À l’écoute de ton album, c’est vrai qu’on est confronté à de nombreux sentiments et émotions au travers de tes diverses influences. Cette histoire d’amour dont tu parles est un moment difficile de ta vie si je ne me trompe pas.

Absolument. Cet album, c’est le procédé qui consiste à rebondir après la fin d’une relation. Il représente à la fois ce que je suis, mais aussi tout ce que j’ai dû surmonter pour oublier une personne qui était tout pour moi. C’est très émotionnel, comme un voyage. Quand tu es confronté à ça, tu ne t’y attends pas. Dans un premier temps, tu ressens une profonde tristesse, ensuite de la colère, tu te sens confus, c’est effectivement beaucoup d’émotions. Je voulais avant tout écrire un album dans lequel j’ai laissé s’exprimer mes émotions. Je ne voulais pas y exposer ma relation amoureuse, mais simplement expliquer le procédé émotionnel qui est arrivé après.

Du coup, je suppose que de le sortir t’as permis de sortir la tête de l’eau ?

Exactement, c’était vraiment une thérapie pour moi.

Faire remixer ces morceaux, c’est surtout laisser libre cours à d’autres idées.

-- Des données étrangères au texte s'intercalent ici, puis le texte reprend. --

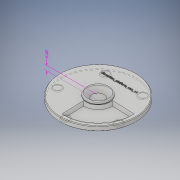
# Autodesk Inventor part: dissection_platform_v01
Saved by Autodesk Inventor 2019 (Build 230136000, 136)
## iProperties
Created: 2018-12-14
Part Number: dissection_platform_v01
Material: Generic
Document SubType Name: Modeling
Designer: Wilson Lab
Density: 1 g/cm^3
Appearance: Default
Author: Wilson Lab
Autodesk Inventor part; units mm, degrees
ref_plane "YZ Plane" through (0, 0, 0) normal (1, 0, 0) x (0, 1, 0)
ref_plane "XZ Plane" through (0, 0, 0) normal (0, 1, 0) x (-1, 0, 0)
ref_plane "XY Plane" through (0, 0, 0) normal (0, 0, 1) x (1, 0, 0)
sketch "Base Material Sketch" plane through (0, 0, 0) normal (0, 1, 0) x (-1, 0, 0)
  circle A0 centre (0, 0) radius 32.5
  dimension "d0" = 65
  constraints: 1 centre point, 1 coincident
  measures "d0" diameter of A0
extrude "Base Material Extrusion" add sketch "Base Material Sketch" along normal blind 4
sketch "Magnet Recess" plane through (0, 0, 0) normal (0, -1, 0) x (1, 0, 0)
  circle A0 centre (0, 0) radius 32.5 projected
  circle A1 centre (0, 27.5) radius 3.25
  line L0 (0, 0) -> (0, 32.5) construction
  circle A2 centre (0, 0) radius 32.5 construction
  circle A3 centre (-26.1541, 8.498) radius 3.25
  circle A4 centre (-16.1641, -22.248) radius 3.25
  circle A5 centre (16.1641, -22.248) radius 3.25
  circle A6 centre (26.1541, 8.498) radius 3.25
  dimension "d3" = 6.5
  dimension "d4" = 5
  dimension "d7" = 360
  constraints: 5 centre point, 2 end point, 1 point on line, 1 vertical, 1 vertical alignment, 12 other
  measures "d3" diameter of A1
  measures "d4" distance of A1.centre L0.end
extrude "Bottom Magnet Recess" cut sketch "Magnet Recess" against normal blind 1 contours A1 | A3 | A4 | A5 | A6
sketch "Central Well" plane through (0, 4, 0) normal (0, 1, 0) x (1, 0, 0)
  circle A0 centre (0, 0) radius 32.5 construction
  circle A1 centre (0, 0) radius 5
  dimension "d12" = 10
  constraints: 1 centre point, 1 coincident
  measures "d12" diameter of A1
extrude "Well Recess" cut sketch "Central Well" against normal blind 2
sketch "Sketch6" plane through (0, 4, 0) normal (0, 1, 0) x (1, 0, 0)
  circle A0 centre (0, 0) radius 9
  circle A1 centre (0, 0) radius 10
  dimension "d22" = 18
  dimension "d23" = 20
  constraints: 2 centre point, 2 coincident
  measures "d22" diameter of A0
  measures "d23" diameter of A1
extrude "Well Wall" add sketch "Sketch6" along normal blind 2
sketch "kimwipe recess sketch" plane through (0, 4, 0) normal (0, 1, 0) x (1, 0, 0)
  circle A0 centre (0, 0) radius 32.5 construction
  circle A1 centre (0, 0) radius 10 construction
  circle A2 centre (0, 0) radius 5 construction
  arc A3 (0, -12.5) -> (12.5, 0) centre (0, 0) ccw
  circle A4 centre (0, 0) radius 32.5 construction
  line L0 (0, 0) -> (-27.5, 0) construction
  line L1 (0, 0) -> (27.5, 0) construction
  line L2 (0, 0) -> (0, -27.5) construction
  line L3 (12.5, 0) -> (27.495, -0.5236)
  line L4 (0, -12.5) -> (0.5236, -27.495)
  arc A5 (0.5236, -27.495) -> (27.495, -0.5236) centre (0, 0) ccw
  dimension "d31" = 2.5
  dimension "d34" = 2
  dimension "d35" = 2
  dimension "d36" = 27.5
  constraints: 10 end point, 4 point on circle, 3 coincident, 2 centre point, 2 horizontal, 2 point on line, 1 perpendicular
  measures "d31" radial gap between concentric circles of A3 A1
  measures "d34" angle of L1 L3
  measures "d35" angle of L4 L2
  measures "d36" radius of A5
chamfer "Well Chamfer" distance 2 angle 45 2 edges at (-5, 4, 0) (-9, 4, 0)
fillet "Well Wall Fillet" radius 2 1 edges at (-10, 6, 0)
extrude "kimwipe recess" cut sketch "kimwipe recess sketch" against normal blind 2
chamfer "Kimwipe recess chamfer" distance 2 angle 45 4 edges at (0.2618, 4, 19.9975) (8.8388, 4, 8.8388) (19.9975, 4, 0.2618) (19.4454, 4, 19.4454)
fillet "Aesthetic Filet" radius 0.5 7 edges at (12.9141, 0, -22.248) (-19.4141, 0, -22.248) (-29.4041, 0, 8.498) (-3.25, 0, 27.5) (22.9041, 0, 8.498) (32.5, 0, 0) (32.5, 4, 0)
sketch "Sketch8" plane through (0, 4, 0) normal (0, 1, 0) x (1, 0, 0)
  line L0 (-6.854, 19.3116) -> (6.854, 19.3116) construction
  line L1 (6.854, 19.3116) -> (6.854, 17.5) construction
  line L2 (6.854, 17.5) -> (-6.854, 17.5) construction
  line L3 (-6.854, 17.5) -> (-6.854, 19.3116) construction
  circle A0 centre (0, 0) radius 17.5
  line L4 (-6.854, 17.5) -> (6.854, 17.5)
  line L5 (0, 0) -> (0, 17.5)
  line L6 (-14.128, 17.7085) -> (-14.3555, 17.7085)
  line L7 (-14.3555, 17.7085) -> (-14.3555, 17.8457)
  spline S0 degree 2 poles (-14.3555, 17.8457) (-14.408, 17.8019) (-14.4853, 17.7436) (-14.5378, 17.7188) knots 0 0 0 1 2 2 2
  spline S1 degree 2 poles (-14.5378, 17.7188) (-14.586, 17.6954) (-14.6895, 17.6706) (-14.7581, 17.6706) knots 0 0 0 1 2 2 2
  spline S2 degree 2 poles (-14.7581, 17.6706) (-14.869, 17.6706) (-15.0557, 17.7625) (-15.1213, 17.8515) knots 0 0 0 1 2 2 2
  spline S3 degree 2 poles (-15.1213, 17.8515) (-15.187, 17.9405) (-15.2599, 18.203) (-15.2599, 18.3737) knots 0 0 0 1 2 2 2
  spline S4 degree 2 poles (-15.2599, 18.3737) (-15.2599, 18.5517) (-15.168, 18.8113) (-15.0878, 18.909) knots 0 0 0 1 2 2 2
  spline S5 degree 2 poles (-15.0878, 18.909) (-15.0134, 18.9966) (-14.8048, 19.0972) (-14.6895, 19.0972) knots 0 0 0 1 2 2 2
  spline S6 degree 2 poles (-14.6895, 19.0972) (-14.5889, 19.0972) (-14.4387, 19.052) (-14.3555, 19.0053) knots 0 0 0 1 2 2 2
  line L8 (-14.3555, 19.0053) -> (-14.3555, 19.5888)
  line L9 (-14.3555, 19.5888) -> (-14.128, 19.5888)
  line L10 (-14.128, 19.5888) -> (-14.128, 17.7085)
  line L11 (-14.3555, 18.0368) -> (-14.3555, 18.8171)
  spline S7 degree 2 poles (-14.3555, 18.8171) (-14.4401, 18.858) (-14.5743, 18.8886) (-14.6516, 18.8886) knots 0 0 0 1 2 2 2
  spline S8 degree 2 poles (-14.6516, 18.8886) (-14.8267, 18.8886) (-15.025, 18.6261) (-15.025, 18.3781) knots 0 0 0 1 2 2 2
  spline S9 degree 2 poles (-15.025, 18.3781) (-15.025, 18.1389) (-14.8733, 17.8865) (-14.7056, 17.8865) knots 0 0 0 1 2 2 2
  spline S10 degree 2 poles (-14.7056, 17.8865) (-14.6166, 17.8865) (-14.4357, 17.9682) (-14.3555, 18.0368) knots 0 0 0 1 2 2 2
  line L12 (-13.5664, 17.7085) -> (-13.7939, 17.7085)
  line L13 (-13.7939, 17.7085) -> (-13.7939, 19.0593)
  line L14 (-13.7939, 19.0593) -> (-13.5664, 19.0593)
  line L15 (-13.5664, 19.0593) -> (-13.5664, 17.7085)
  line L16 (-13.5503, 19.2839) -> (-13.8085, 19.2839)
  line L17 (-13.8085, 19.2839) -> (-13.8085, 19.5202)
  line L18 (-13.8085, 19.5202) -> (-13.5503, 19.5202)
  line L19 (-13.5503, 19.5202) -> (-13.5503, 19.2839)
  spline S11 degree 2 poles (-12.8677, 17.6765) (-13.0033, 17.6765) (-13.2382, 17.7494) (-13.3155, 17.7902) knots 0 0 0 1 2 2 2
  line L20 (-13.3155, 17.7902) -> (-13.3155, 18.0455)
  line L21 (-13.3155, 18.0455) -> (-13.3038, 18.0455)
  spline S12 degree 2 poles (-13.3038, 18.0455) (-13.2746, 18.0222) (-13.1959, 17.9667) (-13.1302, 17.9361) knots 0 0 0 1 2 2 2
  spline S13 degree 2 poles (-13.1302, 17.9361) (-13.0733, 17.9084) (-12.9333, 17.8675) (-12.8589, 17.8675) knots 0 0 0 1 2 2 2
  spline S14 degree 2 poles (-12.8589, 17.8675) (-12.8049, 17.8675) (-12.681, 17.8923) (-12.6518, 17.9128) knots 0 0 0 1 2 2 2
  spline S15 degree 2 poles (-12.6518, 17.9128) (-12.6095, 17.9405) (-12.5716, 18.0032) (-12.5716, 18.0674) knots 0 0 0 1 2 2 2
  spline S16 degree 2 poles (-12.5716, 18.0674) (-12.5716, 18.1476) (-12.6591, 18.2308) (-12.7714, 18.2585) knots 0 0 0 1 2 2 2
  spline S17 degree 2 poles (-12.7714, 18.2585) (-12.8152, 18.2687) (-12.9552, 18.2979) (-13.015, 18.3139) knots 0 0 0 1 2 2 2
  spline S18 degree 2 poles (-13.015, 18.3139) (-13.1696, 18.3591) (-13.3096, 18.5458) (-13.3096, 18.6786) knots 0 0 0 1 2 2 2
  spline S19 degree 2 poles (-13.3096, 18.6786) (-13.3096, 18.8624) (-13.034, 19.0914) (-12.8064, 19.0914) knots 0 0 0 1 2 2 2
  spline S20 degree 2 poles (-12.8064, 19.0914) (-12.6941, 19.0914) (-12.4665, 19.0359) (-12.3892, 18.9936) knots 0 0 0 1 2 2 2
  line L22 (-12.3892, 18.9936) -> (-12.3892, 18.75)
  line L23 (-12.3892, 18.75) -> (-12.4009, 18.75)
  spline S21 degree 2 poles (-12.4009, 18.75) (-12.4884, 18.8201) (-12.7014, 18.9003) (-12.8108, 18.9003) knots 0 0 0 1 2 2 2
  spline S22 degree 2 poles (-12.8108, 18.9003) (-12.9231, 18.9003) (-13.0777, 18.8055) (-13.0777, 18.7107) knots 0 0 0 1 2 2 2
  spline S23 degree 2 poles (-13.0777, 18.7107) (-13.0777, 18.6246) (-12.9858, 18.5415) (-12.8837, 18.5152) knots 0 0 0 1 2 2 2
  spline S24 degree 2 poles (-12.8837, 18.5152) (-12.8341, 18.5021) (-12.7087, 18.4758) (-12.6401, 18.4598) knots 0 0 0 1 2 2 2
  spline S25 degree 2 poles (-12.6401, 18.4598) (-12.4913, 18.4218) (-12.3396, 18.2483) (-12.3396, 18.098) knots 0 0 0 1 2 2 2
  spline S26 degree 2 poles (-12.3396, 18.098) (-12.3396, 18.0105) (-12.4082, 17.8559) (-12.4753, 17.799) knots 0 0 0 1 2 2 2
  spline S27 degree 2 poles (-12.4753, 17.799) (-12.5468, 17.7392) (-12.7291, 17.6765) (-12.8677, 17.6765) knots 0 0 0 1 2 2 2
  spline S28 degree 2 poles (-11.7635, 17.6765) (-11.8991, 17.6765) (-12.134, 17.7494) (-12.2113, 17.7902) knots 0 0 0 1 2 2 2
  line L24 (-12.2113, 17.7902) -> (-12.2113, 18.0455)
  line L25 (-12.2113, 18.0455) -> (-12.1996, 18.0455)
  spline S29 degree 2 poles (-12.1996, 18.0455) (-12.1704, 18.0222) (-12.0917, 17.9667) (-12.026, 17.9361) knots 0 0 0 1 2 2 2
  spline S30 degree 2 poles (-12.026, 17.9361) (-11.9691, 17.9084) (-11.8291, 17.8675) (-11.7547, 17.8675) knots 0 0 0 1 2 2 2
  spline S31 degree 2 poles (-11.7547, 17.8675) (-11.7007, 17.8675) (-11.5767, 17.8923) (-11.5476, 17.9128) knots 0 0 0 1 2 2 2
  spline S32 degree 2 poles (-11.5476, 17.9128) (-11.5053, 17.9405) (-11.4673, 18.0032) (-11.4673, 18.0674) knots 0 0 0 1 2 2 2
  spline S33 degree 2 poles (-11.4673, 18.0674) (-11.4673, 18.1476) (-11.5549, 18.2308) (-11.6672, 18.2585) knots 0 0 0 1 2 2 2
  spline S34 degree 2 poles (-11.6672, 18.2585) (-11.7109, 18.2687) (-11.851, 18.2979) (-11.9108, 18.3139) knots 0 0 0 1 2 2 2
  spline S35 degree 2 poles (-11.9108, 18.3139) (-12.0654, 18.3591) (-12.2054, 18.5458) (-12.2054, 18.6786) knots 0 0 0 1 2 2 2
  spline S36 degree 2 poles (-12.2054, 18.6786) (-12.2054, 18.8624) (-11.9297, 19.0914) (-11.7022, 19.0914) knots 0 0 0 1 2 2 2
  spline S37 degree 2 poles (-11.7022, 19.0914) (-11.5899, 19.0914) (-11.3623, 19.0359) (-11.285, 18.9936) knots 0 0 0 1 2 2 2
  line L26 (-11.285, 18.9936) -> (-11.285, 18.75)
  line L27 (-11.285, 18.75) -> (-11.2967, 18.75)
  spline S38 degree 2 poles (-11.2967, 18.75) (-11.3842, 18.8201) (-11.5972, 18.9003) (-11.7066, 18.9003) knots 0 0 0 1 2 2 2
  spline S39 degree 2 poles (-11.7066, 18.9003) (-11.8189, 18.9003) (-11.9735, 18.8055) (-11.9735, 18.7107) knots 0 0 0 1 2 2 2
  spline S40 degree 2 poles (-11.9735, 18.7107) (-11.9735, 18.6246) (-11.8816, 18.5415) (-11.7795, 18.5152) knots 0 0 0 1 2 2 2
  spline S41 degree 2 poles (-11.7795, 18.5152) (-11.7299, 18.5021) (-11.6045, 18.4758) (-11.5359, 18.4598) knots 0 0 0 1 2 2 2
  spline S42 degree 2 poles (-11.5359, 18.4598) (-11.3871, 18.4218) (-11.2354, 18.2483) (-11.2354, 18.098) knots 0 0 0 1 2 2 2
  spline S43 degree 2 poles (-11.2354, 18.098) (-11.2354, 18.0105) (-11.304, 17.8559) (-11.3711, 17.799) knots 0 0 0 1 2 2 2
  spline S44 degree 2 poles (-11.3711, 17.799) (-11.4425, 17.7392) (-11.6249, 17.6765) (-11.7635, 17.6765) knots 0 0 0 1 2 2 2
  spline S45 degree 2 poles (-10.4375, 17.6779) (-10.7613, 17.6779) (-11.1173, 18.0411) (-11.1173, 18.3766) knots 0 0 0 1 2 2 2
  spline S46 degree 2 poles (-11.1173, 18.3766) (-11.1173, 18.7063) (-10.7716, 19.0972) (-10.4929, 19.0972) knots 0 0 0 1 2 2 2
  spline S47 degree 2 poles (-10.4929, 19.0972) (-10.3675, 19.0972) (-10.1735, 19.0243) (-10.102, 18.947) knots 0 0 0 1 2 2 2
  spline S48 degree 2 poles (-10.102, 18.947) (-10.0291, 18.8697) (-9.9518, 18.6465) (-9.9518, 18.4846) knots 0 0 0 1 2 2 2
  line L28 (-9.9518, 18.4846) -> (-9.9518, 18.3606)
  line L29 (-9.9518, 18.3606) -> (-10.8868, 18.3606)
  spline S49 degree 2 poles (-10.8868, 18.3606) (-10.8868, 18.1257) (-10.6505, 17.8763) (-10.4404, 17.8763) knots 0 0 0 1 2 2 2
  spline S50 degree 2 poles (-10.4404, 17.8763) (-10.366, 17.8763) (-10.2216, 17.9098) (-10.1633, 17.9361) knots 0 0 0 1 2 2 2
  spline S51 degree 2 poles (-10.1633, 17.9361) (-10.102, 17.9653) (-10.0174, 18.0163) (-9.9897, 18.0397) knots 0 0 0 1 2 2 2
  line L30 (-9.9897, 18.0397) -> (-9.9766, 18.0397)
  line L31 (-9.9766, 18.0397) -> (-9.9766, 17.7917)
  spline S52 degree 2 poles (-9.9766, 17.7917) (-10.016, 17.7756) (-10.1356, 17.729) (-10.1823, 17.7158) knots 0 0 0 1 2 2 2
  spline S53 degree 2 poles (-10.1823, 17.7158) (-10.2479, 17.6969) (-10.3558, 17.6779) (-10.4375, 17.6779) knots 0 0 0 1 2 2 2
  spline S54 degree 2 poles (-10.1735, 18.5342) (-10.1764, 18.6261) (-10.2143, 18.7603) (-10.2508, 18.8055) knots 0 0 0 1 2 2 2
  spline S55 degree 2 poles (-10.2508, 18.8055) (-10.2902, 18.8565) (-10.4142, 18.9105) (-10.5061, 18.9105) knots 0 0 0 1 2 2 2
  spline S56 degree 2 poles (-10.5061, 18.9105) (-10.5965, 18.9105) (-10.7234, 18.8565) (-10.7759, 18.804) knots 0 0 0 1 2 2 2
  spline S57 degree 2 poles (-10.7759, 18.804) (-10.827, 18.75) (-10.8795, 18.6202) (-10.8868, 18.5342) knots 0 0 0 1 2 2 2
  line L32 (-10.8868, 18.5342) -> (-10.1735, 18.5342)
  spline S58 degree 2 poles (-9.1845, 17.6779) (-9.3246, 17.6779) (-9.5565, 17.764) (-9.6396, 17.8515) knots 0 0 0 1 2 2 2
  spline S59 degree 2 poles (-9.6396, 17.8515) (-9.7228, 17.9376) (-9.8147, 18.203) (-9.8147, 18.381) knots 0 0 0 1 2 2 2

Retour au début de cette année. Tu as sorti une version deluxe de ton projet avec 11 remix supplémentaires. C’était pour donner un second souffle à ton projet ?

Oui c’est ça, mais surtout pour laisser libre cours à d’autres idées. J’ai la chance d’avoir de nombreux amis très talentueux dans la musique, alors j’ai choisi de les solliciter, c’était très important pour moi. Je leur ai demandé d’interpréter mon album chacun à leur façon parce que le premier était vachement centré autour de ma personne, tu vois ce que je veux dire ? C’est ce que je ressens moi, ce que je peux faire moi, ce que j’aime moi. Moi, moi, moi, moi, toujours moi. Du coup, j’ai abordé ça comme une expérience. Je voulais voir ce que ça donnerait si je laissais d’autres artistes exprimer mes idées à ma place.  Tu sais, pour moi qui suis un remixeur et qui vient de cet univers, j’en ai fait beaucoup et j’aurais trouvé ça étrange de remixer moi-même mon projet.

Pendant mon show à Coachella, mon père était dans le public !

En Avril 2016, tu a eu l’honneur de jouer ton album Everything en intégralité sur la mythique scène du festival Coachella. J’imagine que c’était une super expérience pour toi ?

(Soupir) C’était fou… Complètement fou ! On a joué l’album de bout en bout, du premier au dernier morceau alors qu’il n’était même pas terminé.

Comme Kanye pour Yeezy Season 3 !

Ouais en gros ! (rires) Enfin, pour moi c’était fantastique, j’étais très ému. J’étais seul sur scène devant le public et j’étais entouré d’instruments. J’arrêtais pas de courir entre les instruments, piano, batterie, chant… C’était fou, mais à la fin, j’étais complètement crevé avec toutes ces émotions. Je me rappelle aussi que mon pote Jaden Smith est venu partager la scène avec moi le temps d’un morceau. Ouais, c’était vraiment l’expérience la plus dingue de ma vie.

Quel regard tu portais sur ton public à ce moment-là ?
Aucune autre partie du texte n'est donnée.